The availability of punitive damages seems undisputed in most common law jurisdictions, but their measure remains controversial. (9) In particular, it is unclear whether and how courts and juries should take the defendant's wealth into account in assessing punitive damages. (10) This Article puts forward and defends an innovative yet simple method for incorporating this factor into the calculation. The proposal is based on an adaptation of a criminal law model, known as "day-fines," which has been primarily used in European and Latin-American legal systems. (11) A criminal day-fine model is based on two variables: "number of days" and "daily unit." (12) The former represents the gravity of the offense; measuring gravity in days makes the monetary sanction conceptually and substantively commensurate with incarceration. The latter reflects the offender's financial condition. A daily unit usually constitutes a fixed portion of the convicted delinquent's daily income. The two factors are multiplied to ascertain the total fine.
Building on global criminal law experience, we propose a new model for assessing punitive damages. In brief, if the gravity of the wrong seems to justify an extra-compensatory award, the scope of punitive damages will be determined in several steps. First, the court will determine the gravity of the wrong and translate it into corresponding "severity units" (analogous to the "number of days" in the criminal law model). Next, the court will assess the wrongdoer's daily income, broadly defined, or a particular fraction thereof. This is the "unit value" (analogous to the daily unit in the criminal law model). The product of these two variables constitutes "total damages." Lastly, if total damages are greater than compensatory damages in the particular case, the punitive award should equal the difference between total damages and compensatory damages. If total damages are lower than compensatory damages, punitive damages should be nil. In such cases the monetary sanction that would serve the twin goals of punitive damages, deterrence and retribution, is lower than compensatory damages. However, as long as tort law is committed to rectification of harm, compensatory damages will set the lower limit of the monetary award.

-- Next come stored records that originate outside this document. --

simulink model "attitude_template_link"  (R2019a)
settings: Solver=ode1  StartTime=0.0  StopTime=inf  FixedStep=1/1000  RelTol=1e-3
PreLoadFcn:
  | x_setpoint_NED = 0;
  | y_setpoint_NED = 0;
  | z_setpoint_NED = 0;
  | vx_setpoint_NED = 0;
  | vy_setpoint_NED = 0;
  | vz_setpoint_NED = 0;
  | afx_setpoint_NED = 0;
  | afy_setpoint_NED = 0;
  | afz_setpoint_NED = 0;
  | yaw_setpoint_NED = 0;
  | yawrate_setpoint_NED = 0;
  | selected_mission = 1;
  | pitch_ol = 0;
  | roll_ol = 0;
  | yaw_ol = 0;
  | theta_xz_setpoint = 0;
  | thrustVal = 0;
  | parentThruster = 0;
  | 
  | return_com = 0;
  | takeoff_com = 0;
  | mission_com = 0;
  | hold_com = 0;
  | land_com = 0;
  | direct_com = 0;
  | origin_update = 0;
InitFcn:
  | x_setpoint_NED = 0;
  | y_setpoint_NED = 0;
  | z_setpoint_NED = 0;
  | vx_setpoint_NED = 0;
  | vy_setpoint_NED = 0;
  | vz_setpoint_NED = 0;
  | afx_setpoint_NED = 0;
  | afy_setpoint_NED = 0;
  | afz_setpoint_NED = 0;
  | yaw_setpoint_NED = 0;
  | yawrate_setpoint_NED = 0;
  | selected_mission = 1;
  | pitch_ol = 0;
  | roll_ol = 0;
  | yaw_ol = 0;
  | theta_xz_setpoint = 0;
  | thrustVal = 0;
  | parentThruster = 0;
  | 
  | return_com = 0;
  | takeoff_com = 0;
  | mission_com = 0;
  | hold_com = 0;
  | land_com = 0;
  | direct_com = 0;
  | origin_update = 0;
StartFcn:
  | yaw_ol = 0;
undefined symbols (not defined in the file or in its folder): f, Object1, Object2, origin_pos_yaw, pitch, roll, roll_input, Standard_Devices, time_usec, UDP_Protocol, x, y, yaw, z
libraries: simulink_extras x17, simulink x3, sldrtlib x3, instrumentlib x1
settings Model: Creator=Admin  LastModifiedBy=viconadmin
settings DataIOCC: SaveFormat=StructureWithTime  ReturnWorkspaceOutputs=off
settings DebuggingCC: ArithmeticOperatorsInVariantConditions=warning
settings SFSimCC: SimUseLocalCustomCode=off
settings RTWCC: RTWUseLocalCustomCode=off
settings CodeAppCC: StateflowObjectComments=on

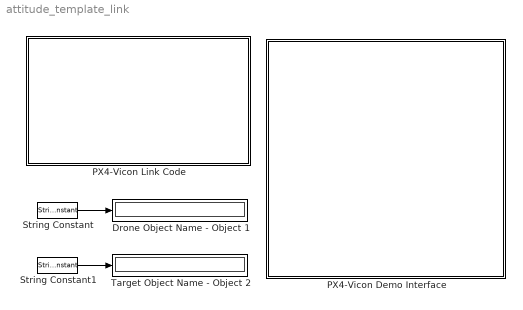
== system attitude_template_link ==
  Drone Object Name - Object 1 : Display
  PX4-Vicon Demo Interface : Subsystem
  PX4-Vicon Link Code : Subsystem
  String Constant : StringConstant  String=Object1
  String Constant1 : StringConstant  String=Object2
  Target Object Name - Object 2 : Display
  wires:
  String Constant/1 -> Drone Object Name - Object 1/1
  String Constant1/1 -> Target Object Name - Object 2/1

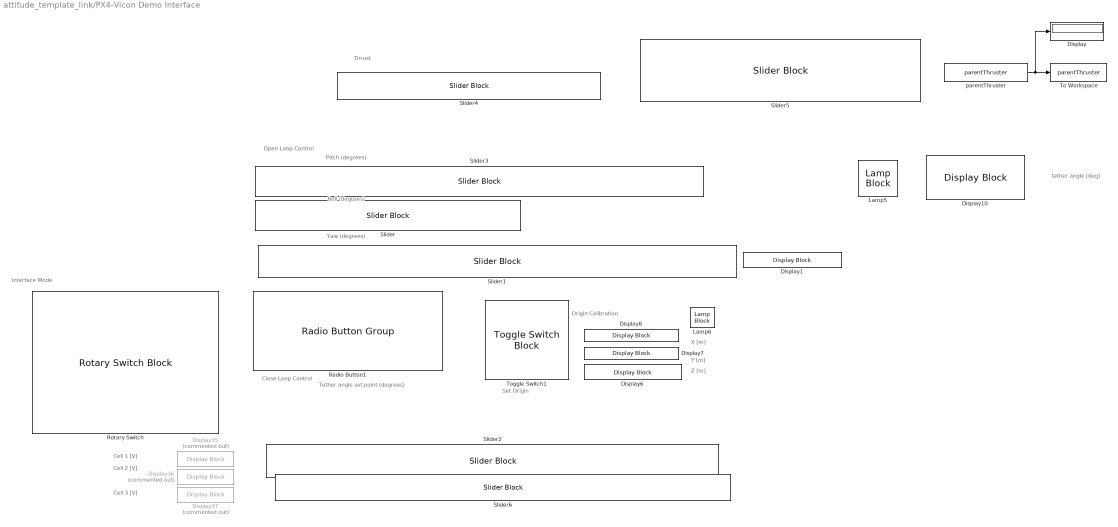
== system attitude_template_link/PX4-Vicon Demo Interface ==
  note: Thrust
  note: Roll (degrees)
  note: Yaw (degrees)
  note: Pitch (degrees)
  note: Interface Mode
  note: Close Loop Control
  note: Cell 1 [V]
  note: Cell 3 [V]
  note: Cell 2 [V]
  note: Set Origin
  note: X [m]
  note: Y [m]
  note: Z [m]
  note: Origin Calibration
  note: Open Loop Control
  note: Tether angle set point (degrees)
  note: tether angle [deg]
  Display : Display
  Display{1,6..8,10} (5 alike) : DisplayBlock  LabelPosition=Hide  Format=short
  Display35 : DisplayBlock  Commented=on  LabelPosition=Hide  Format=short
  Display36 : DisplayBlock  Commented=on  LabelPosition=Hide  Format=short
  Display37 : DisplayBlock  Commented=on  LabelPosition=Hide  Format=short
  Lamp5 : LampBlock
  Lamp6 : LampBlock  LabelPosition=Hide
  Radio Button1 : RadioButtonGroup  LabelPosition=Hide  SelectedLabel=DONT  ButtonGroupName=Select Desired Control
      settings: Values={{'DONT', 'CL control', 'OL Control'}, [1 2 3]}
  Rotary Switch : RotarySwitchBlock  LabelPosition=Hide
      settings: Values={{'Hold Origin', 'Follow', 'Other'}, [1 2 3]}
  Slider : SliderBlock  LabelPosition=Hide  ScaleMin=-25  ScaleMax=25
  Slider1 : SliderBlock  LabelPosition=Hide  ScaleMin=-180  ScaleMax=180  TickInterval=10
  Slider2 : SliderBlock  LabelPosition=Hide  ScaleMin=-30  ScaleMax=60
  Slider3 : SliderBlock  LabelPosition=Hide  ScaleMin=-25  ScaleMax=60  TickInterval=5
  Slider4 : SliderBlock  LabelPosition=Hide  ScaleMax=0.5  TickInterval=0.050000000000000003
  Slider5 : SliderBlock  ScaleMax=60  TickInterval=5
  Slider6 : SliderBlock  LabelPosition=Hide  ScaleMin=-30  ScaleMax=30
  To Workspace : ToWorkspace  VariableName=parentThruster  SaveFormat=Timeseries  SampleTime=-1
  Toggle Switch1 : ToggleSwitchBlock  LabelPosition=Hide
      settings: Values={{'No action', 'Set Origin'}, [0 1]}
  parentThruster : Constant  Value=parentThruster
  wires:
  parentThruster/1 -> Display/1, To Workspace/1

== system attitude_template_link/PX4-Vicon Link Code ==
  note: MAVLink PX4 Interface Telemetry
  note: MAVLink PX4 Interface Motion Capture
  Data Manipulation : Subsystem
  Decode PX4  Telemetry Data - MAVLink : S-Function  FunctionName=sfun_decode_mavlink  SFunctionDeploymentMode=off  EnableBusSupport=off
  Mavlink Encoded - UDP Packet Output : sldrtlib/Packet Output  SampleTime=1/50  MaxMissedTicks=inf  ShowMissedTicks=off  YieldWhenWaiting=off  DrvName=Standard_Devices/UDP_Protocol  DrvAddress=14551  DrvOptions=[0 14556 48 46 48 46 48 46 48 0 0 0 0 0 0 0 0 0 0 0 0 0 0 0 0 0 0 0 0 0 0 0 0 0 0 0 0 0 0 0 0 0 0 0 0 0 0 0 0 0 0 0 0 0 0 0 0 0 0 0 0 0 0 0 0 0 0 0 0 0 0 0 0 0 0 0 0 0 0 0 0 0 0 0 0 0 0 0 0 0 0 0 0 0 0 0 0 0 0 0 0 0 0 0 0 0 0 0 0 0 0 0 0 0 0 0 0 0 0 0 0 0 0 0 0 0 0 0 0 0 0 0 0 0 0 0 0 0 0 0 0 0 0 0 0 0 0 0 0 0 0 0 0 0 0 0 0 0 0 0 0 0 0 0 0 0 0 0 0 0 0 0 0 0 0 0 0 0 0 0 0 0 0 0 0 0 0 0 0 0 0 0 0 0 0 0 0 0 0 0 0 0 0 0 0 0 0 0 0 0 0 0 0 0 0 0 0 0 0 0 0 0 0 0 0 0 0 0 0 0 0 0 0 0 0 0 0 0 0 0 0 0 0 0 0 0 0 0 0 0 0 0 0 0 0 0]  PacketSize=51  DataTypes='51*uint8'  ShowReady=off  ShowError=off  PacketID=1  ByteOrder=1  InitialValue=[]  FinalValue=[]
      settings: AttributesFormatString=UDP Protocol [14551]  SourceProductName=Simulink Desktop Real-Time
  Mavlink Encoded - UDP Packet Output1 : sldrtlib/Packet Output  SampleTime=1/50  MaxMissedTicks=inf  ShowMissedTicks=off  YieldWhenWaiting=off  DrvName=Standard_Devices/UDP_Protocol  DrvAddress=14551  DrvOptions=[0 14556 48 46 48 46 48 46 48 0 0 0 0 0 0 0 0 0 0 0 0 0 0 0 0 0 0 0 0 0 0 0 0 0 0 0 0 0 0 0 0 0 0 0 0 0 0 0 0 0 0 0 0 0 0 0 0 0 0 0 0 0 0 0 0 0 0 0 0 0 0 0 0 0 0 0 0 0 0 0 0 0 0 0 0 0 0 0 0 0 0 0 0 0 0 0 0 0 0 0 0 0 0 0 0 0 0 0 0 0 0 0 0 0 0 0 0 0 0 0 0 0 0 0 0 0 0 0 0 0 0 0 0 0 0 0 0 0 0 0 0 0 0 0 0 0 0 0 0 0 0 0 0 0 0 0 0 0 0 0 0 0 0 0 0 0 0 0 0 0 0 0 0 0 0 0 0 0 0 0 0 0 0 0 0 0 0 0 0 0 0 0 0 0 0 0 0 0 0 0 0 0 0 0 0 0 0 0 0 0 0 0 0 0 0 0 0 0 0 0 0 0 0 0 0 0 0 0 0 0 0 0 0 0 0 0 0 0 0 0 0 0 0 0 0 0 0 0 0 0 0 0 0 0 0 0]  PacketSize=44  DataTypes='44*uint8'  ShowReady=off  ShowError=off  PacketID=1  ByteOrder=1  InitialValue=[]  FinalValue=[]
      settings: AttributesFormatString=UDP Protocol [14551]  SourceProductName=Simulink Desktop Real-Time
  Packet Input : sldrtlib/Packet Input  SampleTime=1/50  MaxMissedTicks=inf  ShowMissedTicks=off  YieldWhenWaiting=off  DrvName=Standard_Devices/UDP_Protocol  DrvAddress=14551  DrvOptions=[0 14556 48 46 48 46 48 46 48 0 0 0 0 0 0 0 0 0 0 0 0 0 0 0 0 0 0 0 0 0 0 0 0 0 0 0 0 0 0 0 0 0 0 0 0 0 0 0 0 0 0 0 0 0 0 0 0 0 0 0 0 0 0 0 0 0 0 0 0 0 0 0 0 0 0 0 0 0 0 0 0 0 0 0 0 0 0 0 0 0 0 0 0 0 0 0 0 0 0 0 0 0 0 0 0 0 0 0 0 0 0 0 0 0 0 0 0 0 0 0 0 0 0 0 0 0 0 0 0 0 0 0 0 0 0 0 0 0 0 0 0 0 0 0 0 0 0 0 0 0 0 0 0 0 0 0 0 0 0 0 0 0 0 0 0 0 0 0 0 0 0 0 0 0 0 0 0 0 0 0 0 0 0 0 0 0 0 0 0 0 0 0 0 0 0 0 0 0 0 0 0 0 0 0 0 0 0 0 0 0 0 0 0 0 0 0 0 0 0 0 0 0 0 0 0 0 0 0 0 0 0 0 0 0 0 0 0 0 0 0 0 0 0 0 0 0 0 0 0 0 0 0 0 0 0 0]  PacketSize=280  DataTypes='280*uint8'  ShowReady=off  ShowError=off  PacketID=1  ByteOrder=1  ShowTimestamp=off
      settings: AttributesFormatString=UDP Protocol [14551]  SourceProductName=Simulink Desktop Real-Time
  Rate Transition : RateTransition
  Rate Transition1 : RateTransition
  Vicon Stream - UDP Packet Receive : instrumentlib/UDP Receive  Priority=3  Host=localhost  Port=9090  LocalPort=51001  EnablePortSharing=off  GetLatestData=off  DataSize=256  DataType=uint8  ASCIIFormatting=%f,  Terminator=LF  ByteOrder=BigEndian  EnableBlockingMode=off  Timeout=inf  SampleTime=-1  LocalAddress=0.0.0.0
      settings: SourceProductName=Instrument Control Toolbox
  Visualize Telemetry Data : Subsystem
  wires:
  Data Manipulation/1(Encoded_Setpoints_Output) -> Rate Transition/1
  Rate Transition/1 -> Mavlink Encoded - UDP Packet Output/1
  Packet Input/1 -> Decode PX4  Telemetry Data - MAVLink/1
  Vicon Stream - UDP Packet Receive/1 -> Data Manipulation/1(vicon_data_input)
  Vicon Stream - UDP Packet Receive/2 -> Data Manipulation/2(status)
  Decode PX4  Telemetry Data - MAVLink/2 -> Visualize Telemetry Data/2(msg_battery_status)
  Rate Transition1/1 -> Mavlink Encoded - UDP Packet Output1/1
  Data Manipulation/2(Encoded_Mocap_Output) -> Rate Transition1/1
  Decode PX4  Telemetry Data - MAVLink/1 -> Visualize Telemetry Data/1(msg_attitude)

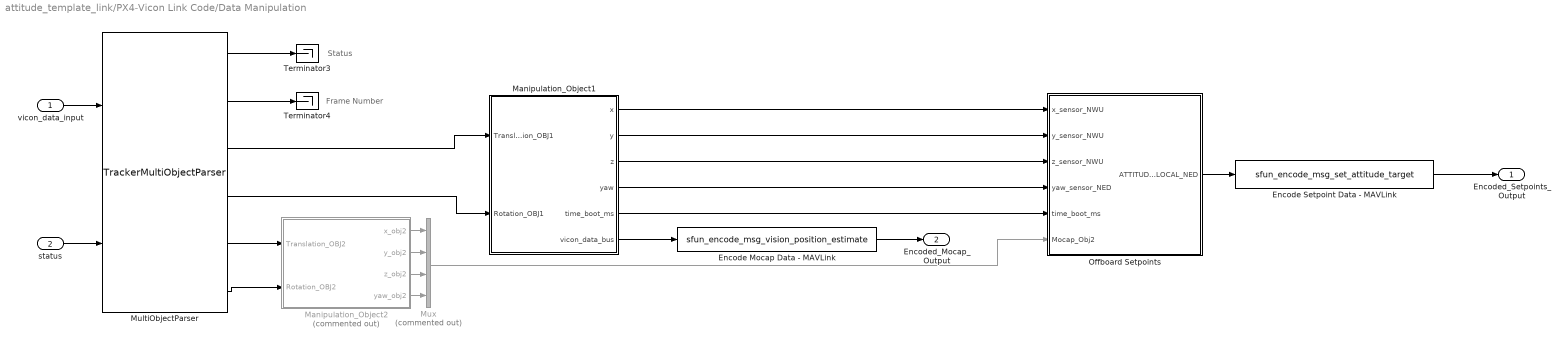
== system attitude_template_link/PX4-Vicon Link Code/Data Manipulation ==
  note: Status
  note: Frame Number
  vicon_data_input : Inport
  status : Inport  Port=2
  "Encode Mocap Data - MAVLink " : S-Function  FunctionName=sfun_encode_msg_vision_position_estimate  SFunctionDeploymentMode=off  EnableBusSupport=off
  Encode Setpoint Data - MAVLink : S-Function  FunctionName=sfun_encode_msg_set_attitude_target  SFunctionDeploymentMode=off  EnableBusSupport=off
  Manipulation_Object1 : Subsystem
  Manipulation_Object2 : Subsystem  Commented=on
  MultiObjectParser : S-Function  Tag=Data_Parser_Multi  FunctionName=TrackerMultiObjectParser  Parameters=Object1,Object2  SFunctionModules=TrackerMultiObjectParser  SFunctionDeploymentMode=off  EnableBusSupport=off
      settings: AttributesFormatString=Data_Parser_Multi
  Mux : Mux  Commented=on
  Offboard Setpoints : Subsystem
  Terminator3 : Terminator
  Terminator4 : Terminator
  Encoded_Setpoints_Output : Outport
  Encoded_Mocap_Output : Outport  Port=2
  wires:
  MultiObjectParser/3 -> Manipulation_Object1/1(Translation_OBJ1)
  MultiObjectParser/2 -> Terminator4/1
  Manipulation_Object1/1(x) -> Offboard Setpoints/1(x_sensor_NWU)
  MultiObjectParser/1 -> Terminator3/1
  Manipulation_Object1/6(vicon_data_bus) -> "Encode Mocap Data - MAVLink "/1
  MultiObjectParser/5 -> Manipulation_Object2/1(Translation_OBJ2)
  MultiObjectParser/6 -> Manipulation_Object2/2(Rotation_OBJ2)
  MultiObjectParser/4 -> Manipulation_Object1/2(Rotation_OBJ1)
  Manipulation_Object1/4(yaw) -> Offboard Setpoints/4(yaw_sensor_NED)
  status/1 -> MultiObjectParser/2
  Manipulation_Object1/3(z) -> Offboard Setpoints/3(z_sensor_NWU)
  Manipulation_Object1/2(y) -> Offboard Setpoints/2(y_sensor_NWU)
  "Encode Mocap Data - MAVLink "/1 -> Encoded_Mocap_Output/1
  vicon_data_input/1 -> MultiObjectParser/1
  Manipulation_Object1/5(time_boot_ms) -> Offboard Setpoints/5(time_boot_ms)
  Offboard Setpoints/1(ATTITUDE_TARGET_LOCAL_NED) -> Encode Setpoint Data - MAVLink/1
  Encode Setpoint Data - MAVLink/1 -> Encoded_Setpoints_Output/1
  Manipulation_Object2/4(yaw_obj2) -> Mux/4
  Manipulation_Object2/3(z_obj2) -> Mux/3
  Manipulation_Object2/2(y_obj2) -> Mux/2
  Manipulation_Object2/1(x_obj2) -> Mux/1
  Mux/1 -> Offboard Setpoints/6(Mocap_Obj2)

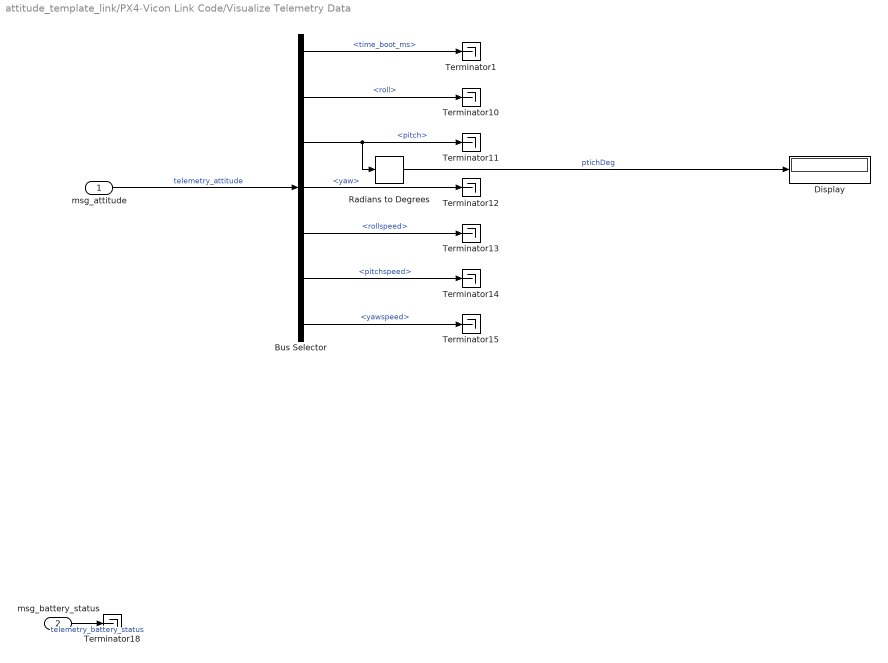
== system attitude_template_link/PX4-Vicon Link Code/Visualize Telemetry Data ==
  msg_attitude : Inport
  msg_battery_status : Inport  Port=2
  Bus Selector : BusSelector  OutputSignals=time_boot_ms,roll,pitch,yaw,rollspeed,pitchspeed,yawspeed
  Display : Display
  Radians to Degrees : simulink_extras/Transformations/Radians to Degrees
  Terminator{1,10..15,18} (8 alike) : Terminator
  wires:
  Bus Selector/7 -> Terminator15/1  "<yawspeed>"
  Bus Selector/5 -> Terminator13/1  "<rollspeed>"
  Bus Selector/2 -> Terminator10/1  "<roll>"
  Bus Selector/1 -> Terminator1/1  "<time_boot_ms>"
  Bus Selector/4 -> Terminator12/1  "<yaw>"
  Bus Selector/3 -> Radians to Degrees/1, Terminator11/1  "<pitch>"
  Bus Selector/6 -> Terminator14/1  "<pitchspeed>"
  msg_attitude/1 -> Bus Selector/1  "telemetry_attitude"
  msg_battery_status/1 -> Terminator18/1  "telemetry_battery_status"
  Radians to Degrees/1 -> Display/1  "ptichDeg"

The Article unfolds in six parts. Part I outlines the development of the law governing punitive damages. Part II analyzes the possible rationales for this unique "middle-ground" doctrine, focusing on deterrence and retribution. Part III considers whether the defendant's wealth should be considered in assessing punitive damages in light of their underlying goals. Part IV demonstrates how the defendant's wealth can be integrated into the calculation. It extracts the foundations from European criminal justice systems and adapts the model to American civil law. Part V defends the proposed model from the relevant theoretical perspectives. Lastly, Part VI discusses potential hurdles to the implementation of the new model--constitutional constraints, statutory caps on punitive damages, and the need for special procedural tools.
THE LEGAL FRAMEWORK
Originating in England in the mid-eighteenth century, (13) punitive damages were soon imported into America. The first reported case was Genay v. Norris, (14) where the court held that a person poisoned by another was entitled to exemplary damages. (15) A few years later, in a breach of promise of marriage case, the court instructed the jury "not to estimate the damages by any particular proof of suffering or actual loss; but to give damages for example's sake, to prevent such offences in future." (16)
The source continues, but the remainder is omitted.